Зазвонил индукторный полевой телефон, которым будка соединялась с лабораторией. Сима взяла трубку, нажала разговорный клапан, так что её стало слышно на другом конце провода, но не поднесла трубки ко рту, а – раскраснелая, в растрёпанной одежде – стала читать безстрастным мерным голосом артикуляционную таблицу:
– …дьер… фскоп… штап… Да, я слушаю… Что, Валентин Мартыныч? Двойной диод-триод?.. Шесть-Гэ-семь нету, но, кажется, есть шесть-Гэ-два. Сейчас я кончу таблицу и выйду… гвен… жан… – и отпустила клапан. И ещё тёрлась головой о грудь Глеба. – Надо идти, становится заметно. Ну, отпустите меня…
Но в голосе её не было никакой решительности.
Он плотней охватил и сильно прижал её к себе вверху, внизу, всю:
– Нет!.. Я отпускал тебя – и зря. А вот теперь – нет!
– Опомнитесь, меня ждут! Надо лабораторию закрывать!

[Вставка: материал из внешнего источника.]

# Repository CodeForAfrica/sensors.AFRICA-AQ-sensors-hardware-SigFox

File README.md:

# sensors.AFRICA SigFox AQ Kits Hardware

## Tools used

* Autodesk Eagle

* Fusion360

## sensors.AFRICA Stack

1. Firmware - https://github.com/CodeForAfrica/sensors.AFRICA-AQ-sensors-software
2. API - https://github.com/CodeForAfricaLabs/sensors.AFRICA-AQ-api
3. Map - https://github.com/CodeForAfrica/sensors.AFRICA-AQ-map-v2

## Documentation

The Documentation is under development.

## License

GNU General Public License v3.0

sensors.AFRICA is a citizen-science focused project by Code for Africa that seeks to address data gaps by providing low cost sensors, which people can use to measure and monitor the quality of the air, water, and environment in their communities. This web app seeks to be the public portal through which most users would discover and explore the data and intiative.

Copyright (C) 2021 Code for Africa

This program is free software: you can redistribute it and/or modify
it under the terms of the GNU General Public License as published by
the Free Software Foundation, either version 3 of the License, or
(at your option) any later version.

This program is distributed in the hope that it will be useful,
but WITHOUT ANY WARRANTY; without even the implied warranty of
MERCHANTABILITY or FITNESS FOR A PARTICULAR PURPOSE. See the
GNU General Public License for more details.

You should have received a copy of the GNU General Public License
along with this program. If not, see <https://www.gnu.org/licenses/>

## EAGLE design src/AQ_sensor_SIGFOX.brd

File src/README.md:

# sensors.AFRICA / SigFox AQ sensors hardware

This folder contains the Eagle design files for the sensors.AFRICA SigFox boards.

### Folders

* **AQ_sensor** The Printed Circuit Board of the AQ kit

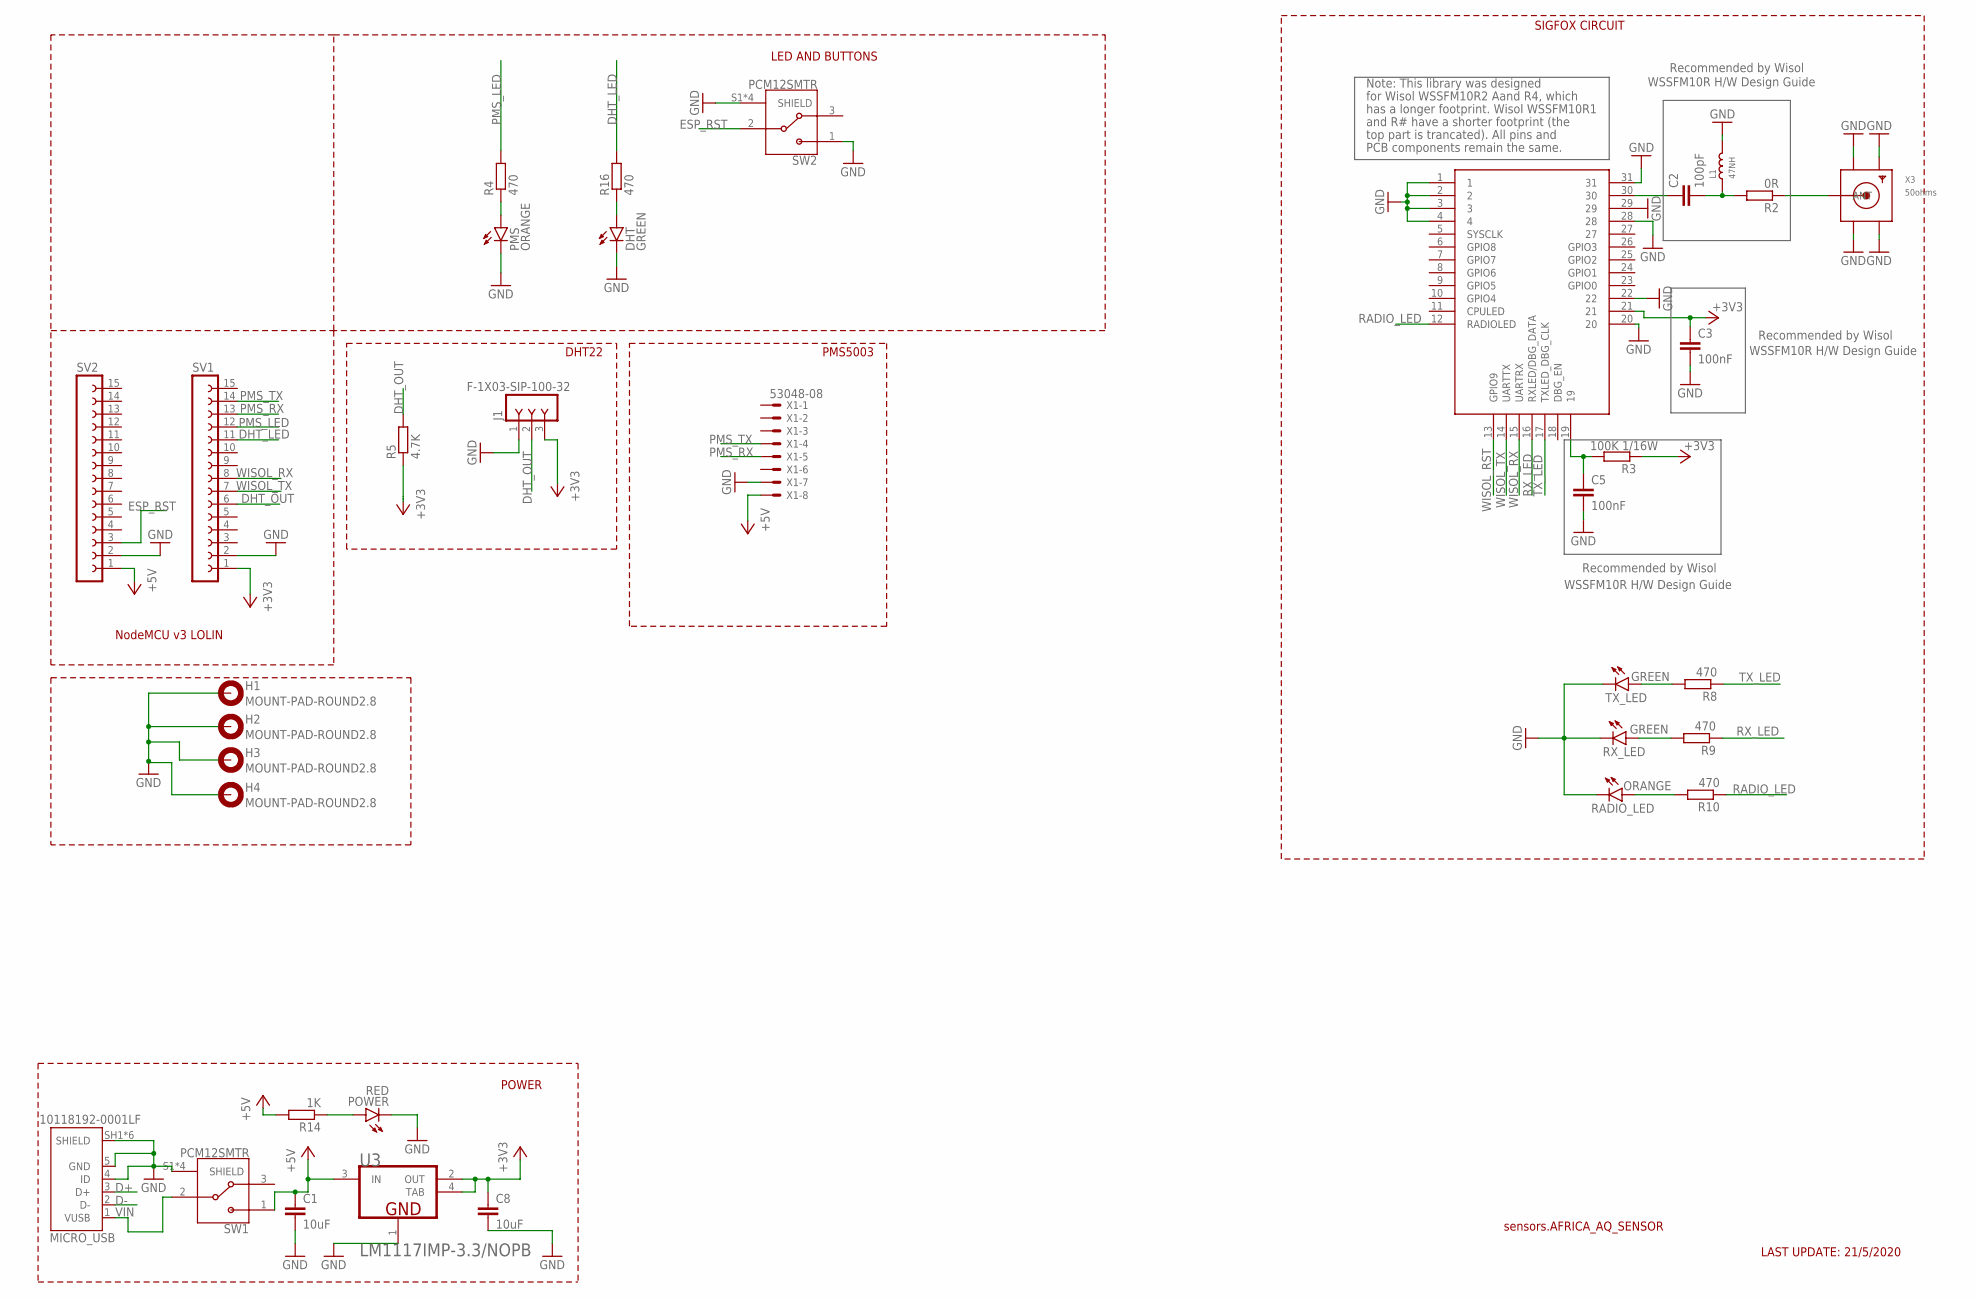
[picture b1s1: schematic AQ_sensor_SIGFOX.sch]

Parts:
C1, C8: 10uF; C0603
C2: 100pF; C0603
C3, C5: 100nF; C0603
DHT: GREEN; CHIP-LED0603
H1, H2, H3, H4: MOUNT-PAD-ROUND2.8; 2,8-PAD
J1: F-1X03-SIP-100-32; SIP-100-03-32
L1: 47NH; L0805
MICRO_USB: 10118192-0001LF; AMPHENOL_10118192-0001LF
PMS: ORANGE; CHIP-LED0603
POWER: RED; CHIP-LED0603
R2: 0R; R0603
R3: 100K 1/16W; R0603
R4, R8, R9, R10, R16: 470; R0603
R5: 4.7K; R0603
R14: 1K; R0603
RADIO_LED: ORANGE; CHIP-LED0603
RX_LED: GREEN; CHIP-LED0603
SV1, SV2: FE15-1; FE15
SW1, SW2: PCM12SMTR; SW_PCM12SMTR
TX_LED: GREEN; CHIP-LED0603
U3: TEXAS_INSTRUMENTS_LM1117IMP-3.3-NOPBTEXAS_INSTRUM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; TEXAS_INSTRUMENTS_LM1117IMP-3.3-NOPB_0
U$1: WSSFM10RWSSFM10R2R4; WSSFM10R
X1: 53048-08
X3: 50ohms; SMA_EDGELAUNCH_UFL

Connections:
+3V3: C3.1, C8.1, J1.3, R3.1, R5.1, SV1.1, U3.2 (OUT), U3.4 (TAB), U$1.21
+5V: C1.1, R14.2, SV2.1, SW1.1, U3.3 (IN), X1.8
D+: MICRO_USB.3 (D+)
D-: MICRO_USB.2 (D-)
DHT_LED: R16.2, SV1.11
DHT_OUT: J1.2, R5.2, SV1.6
ESP_RST: SV2.3, SW2.2
GND: C1.2, C3.2, C5.2, C8.2, DHT.C, H1.B2,8, H2.B2,8, H3.B2,8, H4.B2,8, J1.1, L1.2, MICRO_USB.4 (ID), MICRO_USB.5 (GND), MICRO_USB.SH1 (SHIELD), MICRO_USB.SH2 (SHIELD), MICRO_USB.SH3 (SHIELD), MICRO_USB.SH4 (SHIELD), MICRO_USB.SH5 (SHIELD), MICRO_USB.SH6 (SHIELD), PMS.C, POWER.C, RADIO_LED.C, RX_LED.C, SV1.2, SV2.2, SW1.S1 (SHIELD), SW1.S2 (SHIELD), SW1.S3 (SHIELD), SW1.S4 (SHIELD), SW2.1, SW2.S1 (SHIELD), SW2.S2 (SHIELD), SW2.S3 (SHIELD), SW2.S4 (SHIELD), TX_LED.C, U3.1 (GND), U$1.1, U$1.2, U$1.3, U$1.4, U$1.20, U$1.22, U$1.28, U$1.29, U$1.31, X1.7, X3.GND@1 (GND1), X3.GND@2 (GND2), X3.GND@3 (GND3), X3.GND@4 (GND4)
unnamed: C2.1, U$1.30
unnamed: C2.2, L1.1, R2.2
unnamed: R2.1, X3.P (ANT)
unnamed: PMS.A, R4.1
unnamed: C5.1, R3.2, U$1.19
unnamed: R10.2, RADIO_LED.A
unnamed: R9.2, RX_LED.A
unnamed: R8.2, TX_LED.A
unnamed: POWER.A, R14.1
unnamed: DHT.A, R16.1
PMS_LED: R4.2, SV1.12
PMS_RX: SV1.13, X1.5
PMS_TX: SV1.14, X1.4
RADIO_LED: R10.1, U$1.12 (RADIOLED)
RX_LED: R9.1, U$1.16 (RXLED/DBG_DATA)
TX_LED: R8.1, U$1.17 (TXLED_DBG_CLK)
VIN: MICRO_USB.1 (VUSB), SW1.2
WISOL_RX: SV1.8, U$1.15 (UARTRX)
WISOL_TX: SV1.7, U$1.14 (UARTTX)
WISON_RST: U$1.13 (GPIO9)

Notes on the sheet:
sensors.AFRICA_AQ_SENSOR
LAST UPDATE: 21/5/2020
LED AND BUTTONS
PMS5003
DHT22
NodeMCU v3 LOLIN
POWER
for Wisol WSSFM10R2 Aand R4, which
Note: This library was designed
has a longer footprint. Wisol WSSFM10R1
and R# have a shorter footprint (the
top part is trancated). All pins and
PCB components remain the same.
Recommended by Wisol
WSSFM10R H/W Design Guide
SIGFOX CIRCUIT

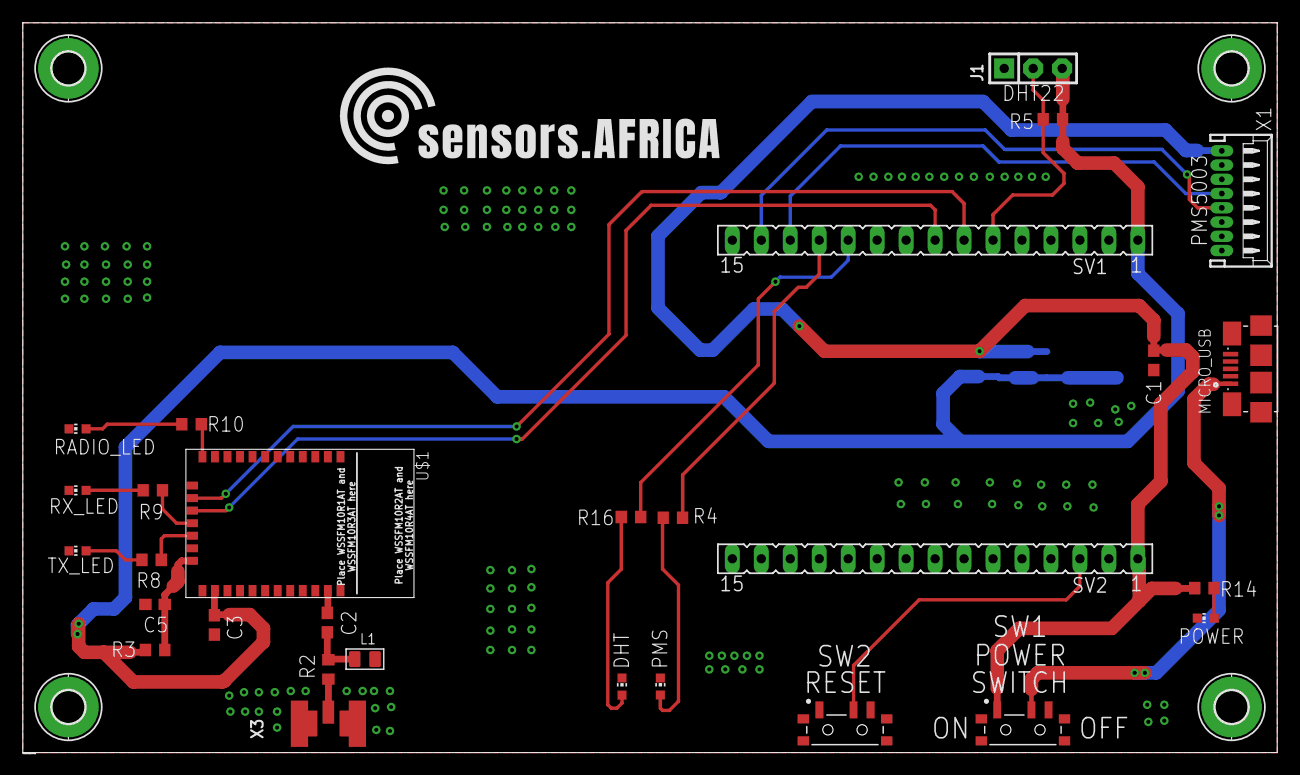
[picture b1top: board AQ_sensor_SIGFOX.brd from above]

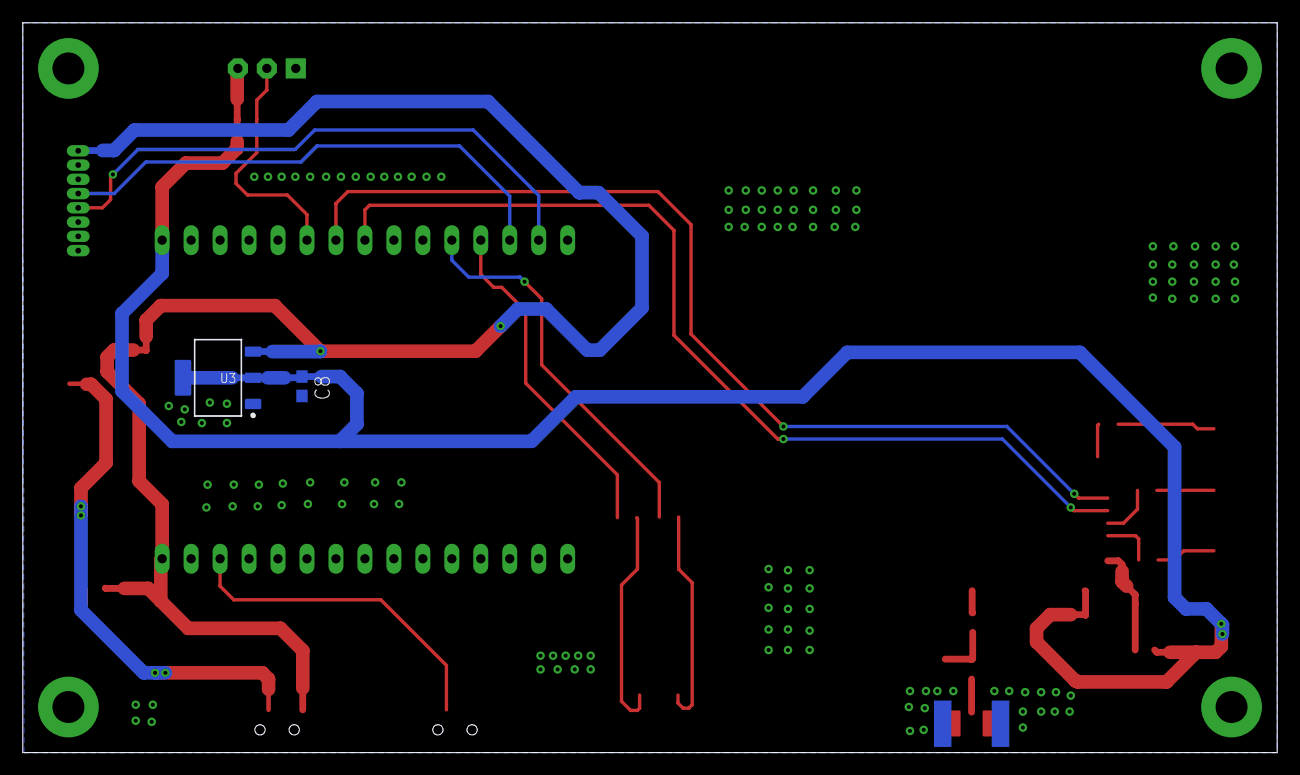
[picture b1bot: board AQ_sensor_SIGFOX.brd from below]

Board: 2 copper layers, 110.0 x 64.0 mm, 35 parts (2 on the bottom side), 25 nets.

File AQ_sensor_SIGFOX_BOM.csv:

"Part";"Value";"Device";"Package";"Description";"AVAILABILITY";"CIIVA_IDS";"CODE__IPC";"CODE__JEDEC";"CODE__JEITA";"COMPONENT_LINK_1_DESCRIPTION";"COMPONENT_LINK_1_URL";"COMP_TYPE";"DESCRIPTION";"FOOTPRINT_VARIANT_NAME_0";"FOOTPRINT_VARIANT_NAME_1";"FOOTPRINT_VARIANT_NAME_2";"HIGH__RELIABILITY";"IMPORTED";"IMPORTED_FROM";"IMPORT_TS";"MF";"MP";"MPN";"OC_FARNELL";"OC_NEWARK";"PACKAGE";"PACKAGE_DESCRIPTION";"PACKAGE_TOP_MARKING";"PIN_COUNT";"POPULARITY";"POWER_WISE";"PREFIX";"PRICE";"RELEASE_DATE";"ROHS";"SPICEPREFIX";"VALUE";"VAULT_GUID";"VAULT_REVISION";
"C1";"10uF";"C-EUC0603";"C0603";"CAPACITOR, European symbol";"";"";"";"";"";"";"";"";"";"";"";"";"";"";"";"";"";"";"";"";"";"";"";"";"";"73";"";"";"";"";"";"C";"";"";"";
"C2";"100pF";"C-EUC0603";"C0603";"CAPACITOR, European symbol";"";"";"";"";"";"";"";"";"";"";"";"";"";"";"";"";"";"";"";"";"";"";"";"";"";"73";"";"";"";"";"";"C";"";"";"";
"C3";"100nF";"C-EUC0603";"C0603";"CAPACITOR, European symbol";"";"";"";"";"";"";"";"";"";"";"";"";"";"";"";"";"";"";"";"";"";"";"";"";"";"73";"";"";"";"";"";"C";"";"";"";
"C5";"100nF";"C-EUC0603";"C0603";"CAPACITOR, European symbol";"";"";"";"";"";"";"";"";"";"";"";"";"";"";"";"";"";"";"";"";"";"";"";"";"";"73";"";"";"";"";"";"C";"";"";"";
"C8";"10uF";"C-EUC0603";"C0603";"CAPACITOR, European symbol";"";"";"";"";"";"";"";"";"";"";"";"";"";"";"";"";"";"";"";"";"";"";"";"";"";"73";"";"";"";"";"";"C";"";"";"";
"DHT";"GREEN";"LEDCHIP-LED0603";"CHIP-LED0603";"LED";"";"";"";"";"";"";"";"";"";"";"";"";"";"";"";"";"";"";"";"";"";"";"";"";"";"26";"";"";"";"";"";"";"";"";"";
"H1";"MOUNT-PAD-ROUND2.8";"MOUNT-PAD-ROUND2.8";"2,8-PAD";"MOUNTING PAD, round";"";"";"";"";"";"";"";"";"";"";"";"";"";"";"";"";"";"";"";"";"";"";"";"";"";"6";"";"";"";"";"";"";"";"";"";
"H2";"MOUNT-PAD-ROUND2.8";"MOUNT-PAD-ROUND2.8";"2,8-PAD";"MOUNTING PAD, round";"";"";"";"";"";"";"";"";"";"";"";"";"";"";"";"";"";"";"";"";"";"";"";"";"";"6";"";"";"";"";"";"";"";"";"";
"H3";"MOUNT-PAD-ROUND2.8";"MOUNT-PAD-ROUND2.8";"2,8-PAD";"MOUNTING PAD, round";"";"";"";"";"";"";"";"";"";"";"";"";"";"";"";"";"";"";"";"";"";"";"";"";"";"6";"";"";"";"";"";"";"";"";"";
"H4";"MOUNT-PAD-ROUND2.8";"MOUNT-PAD-ROUND2.8";"2,8-PAD";"MOUNTING PAD, round";"";"";"";"";"";"";"";"";"";"";"";"";"";"";"";"";"";"";"";"";"";"";"";"";"";"6";"";"";"";"";"";"";"";"";"";
"J1";"F-1X03-SIP-100-32";"F-1X03-SIP-100-32";"SIP-100-03-32";"FEMALE HEADER";"";"";"";"";"";"";"";"";"";"";"";"";"";"";"";"";"";"";"";"";"";"";"";"";"";"";"";"";"";"";"";"";"";"";"";
"L1";"47NH";"SMD-INDUCTOR-2.2UH-20%-1.2A(0805)";"L0805";"303010086";"";"";"";"";"";"";"";"";"";"";"";"";"";"";"";"";"";"";"LQM2MPN2R2MG0";"";"";"";"";"";"";"";"";"";"";"";"";"";"2.2UH-1.2A";"";"";
"MICRO_USB";"10118192-0001LF";"10118192-0001LF";"AMPHENOL_10118192-0001LF";"Single Port 5 Contact Horizontal Right Angle Shielded Micro B USB 2.0 Connector";"Unavailable";"";"";"";"";"";"";"";" USB - micro B USB 2.0 Receptacle Connector 5 Position Surface Mount, Right Angle ";"";"";"";"";"";"";"";"Amphenol ICC";"10118192-0001LF";"";"";"";"None";"";"";"";"";"";"";"None";"";"";"";"";"";"";
"PMS";"ORANGE";"LEDCHIP-LED0603";"CHIP-LED0603";"LED";"";"";"";"";"";"";"";"";"";"";"";"";"";"";"";"";"";"";"";"";"";"";"";"";"";"26";"";"";"";"";"";"";"";"";"";
"POWER";"RED";"LEDCHIP-LED0603";"CHIP-LED0603";"LED";"";"";"";"";"";"";"";"";"";"";"";"";"";"";"";"";"";"";"";"";"";"";"";"";"";"26";"";"";"";"";"";"";"";"";"";
"R2";"0R";"R-EU_R0603";"R0603";"RESISTOR, European symbol";"";"";"";"";"";"";"";"";"";"";"";"";"";"";"";"";"";"";"";"";"";"";"";"";"";"70";"";"";"";"";"";"R";"";"";"";
"R3";"100K 1/16W";"R-EU_R0603";"R0603";"RESISTOR, European symbol";"";"";"";"";"";"";"";"";"";"";"";"";"";"";"";"";"";"";"";"";"";"";"";"";"";"70";"";"";"";"";"";"R";"";"";"";
"R4";"470";"R-EU_R0603";"R0603";"RESISTOR, European symbol";"";"";"";"";"";"";"";"";"";"";"";"";"";"";"";"";"";"";"";"";"";"";"";"";"";"70";"";"";"";"";"";"R";"";"";"";
"R5";"4.7K";"R-EU_R0603";"R0603";"RESISTOR, European symbol";"";"";"";"";"";"";"";"";"";"";"";"";"";"";"";"";"";"";"";"";"";"";"";"";"";"70";"";"";"";"";"";"R";"";"";"";
"R8";"470";"R-EU_R0603";"R0603";"RESISTOR, European symbol";"";"";"";"";"";"";"";"";"";"";"";"";"";"";"";"";"";"";"";"";"";"";"";"";"";"70";"";"";"";"";"";"R";"";"";"";
"R9";"470";"R-EU_R0603";"R0603";"RESISTOR, European symbol";"";"";"";"";"";"";"";"";"";"";"";"";"";"";"";"";"";"";"";"";"";"";"";"";"";"70";"";"";"";"";"";"R";"";"";"";
"R10";"470";"R-EU_R0603";"R0603";"RESISTOR, European symbol";"";"";"";"";"";"";"";"";"";"";"";"";"";"";"";"";"";"";"";"";"";"";"";"";"";"70";"";"";"";"";"";"R";"";"";"";
"R14";"1K";"R-EU_R0603";"R0603";"RESISTOR, European symbol";"";"";"";"";"";"";"";"";"";"";"";"";"";"";"";"";"";"";"";"";"";"";"";"";"";"70";"";"";"";"";"";"R";"";"";"";
"R16";"470";"R-EU_R0603";"R0603";"RESISTOR, European symbol";"";"";"";"";"";"";"";"";"";"";"";"";"";"";"";"";"";"";"";"";"";"";"";"";"";"70";"";"";"";"";"";"R";"";"";"";
"RADIO_LED";"ORANGE";"LEDCHIP-LED0603";"CHIP-LED0603";"LED";"";"";"";"";"";"";"";"";"";"";"";"";"";"";"";"";"";"";"";"";"";"";"";"";"";"26";"";"";"";"";"";"";"";"";"";
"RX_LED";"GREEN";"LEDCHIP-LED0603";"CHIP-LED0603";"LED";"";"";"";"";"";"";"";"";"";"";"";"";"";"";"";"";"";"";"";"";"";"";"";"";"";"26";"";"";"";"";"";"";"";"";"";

– Сейчас! Здесь! – требовал он.
И целовал.
– Не сегодня! – возражала она, послушная.
– Когда же?
– В понедельник… я опять буду дежурить, вместо Лиры… Приходите в ужинный перерыв… Целый час будем с вами… Если этот сумасшедший Валентуля не придёт…
Пока Глеб открывал одни и отпирал другие двери, Сима была уже застёгнута, причёсана и вышла первая, неприступно-холодна.
14. Синий свет
– Я в эту синюю лампочку когда-нибудь сапогом запузырю, чтоб не раздражала.
– Не попадёшь.
– С пяти метров – чего не попасть? Спорим на завтрашний компот?
– Ты ж разуваешься на нижней койке, метр добавь.
– Ну, с шести. Ведь вот, гады, чего не выдумают – лишь бы зэкам досадить. Всю ночь на глаза давит.
– Синий свет?
– А что? Световое давление. Лебедев открыл. Аристипп Иваныч, вы не спите? Не откажите в любезности, подайте мне наверх один мой сапог.
– Сапог, Вячеслав Петрович, я могу вам передать, но ответьте прежде, чем вам не угодил синий свет?
– Хотя бы тем, что у него длина волны короткая, а кванты большие. Кванты по глазам бьют.
– Светит он мягко, и мне лично напоминает синюю лампадку, которую в детстве зажигала на ночь мама.
– Мама! – в голубых погонах! Вот вам, пожалуйста, разве можно людям дать подлинную демократию? Я заметил: в любой камере по любому мельчайшему вопросу – о мытье мисок, о подметании пола – вспыхивают оттенки всех противоположных мнений. Свобода погубила бы людей. Только дубина, увы, может указать им истину.
– А что, лампадке здесь было бы под стать. Ведь это – бывший алтарь.
– Не алтарь, а купол алтаря. Тут перекрытие междуэтажное добавили.
– Дмитрий Александрыч! Что вы делаете? В декабре окно открываете! Пора это кончать.
– Господа! Кислород как раз и делает зэка безсмертным. В комнате двадцать четыре человека, на дворе – ни мороза, ни ветра. Я открываю на Эренбурга.
– И даже на полтора! На верхних койках духотища!
– Эренбурга вы как считаете – по ширине?
– Нет, господа, по длине, очень хорошо упирается в раму.
– С ума сойти, где мой лагерный бушлат?
– Всех этих кислородников я послал бы на Оймякон, на общие. При шестидесяти градусах ниже нуля они бы отработали двенадцать часиков – в козлятник бы приползли, только бы тепло!
– В принципе я не против кислорода, но почему кислород всегда холодный? Я – за подогретый кислород.
– …Что за чёрт? Почему в комнате темно? Почему так рано гасят белый свет?
– Валентуля, вы фраер! Вы бродили б ещё до часу! Какой вам свет в двенадцать?
– А вы – пижон!
В синем комбинезоне
Надо мной пижон.
В лагерной зоне —
Как хорошо!
Опять накурили? Зачем вы все курите? Фу, гадость… Э-э, и чайник холодный.
– Валентуля, где Лев?
– А что, его на койке нет?
– Да книг десятка два лежит, а самого нет.
– Значит, около уборной.
– Почему – около?
– А там лампочку белую вкрутили и стенка от кухни тёплая. Он, наверно, книжку читает. Я иду умываться. Что ему передать?
– Да-а… Стелет она мне на полу, а себе тут же, на кровати. Ну, сочная баба, ну такая сочная…
– Друзья, я вас прошу – о чём-нибудь другом, только не про баб. На шарашке с нашей мясной пищей – это социально опасный разговор.
– Вообще, орлы, кончайте! Отбой был.
– Не то что отбой, – по-моему, уже гимн слышно откуда-то.
– Спать захочешь – уснёшь небось.
– Никакого чувства юмора: пять минут сплошь дуют гимн. Все кишки вылезают: когда он кончится? Неужели нельзя было ограничиться одной строфой?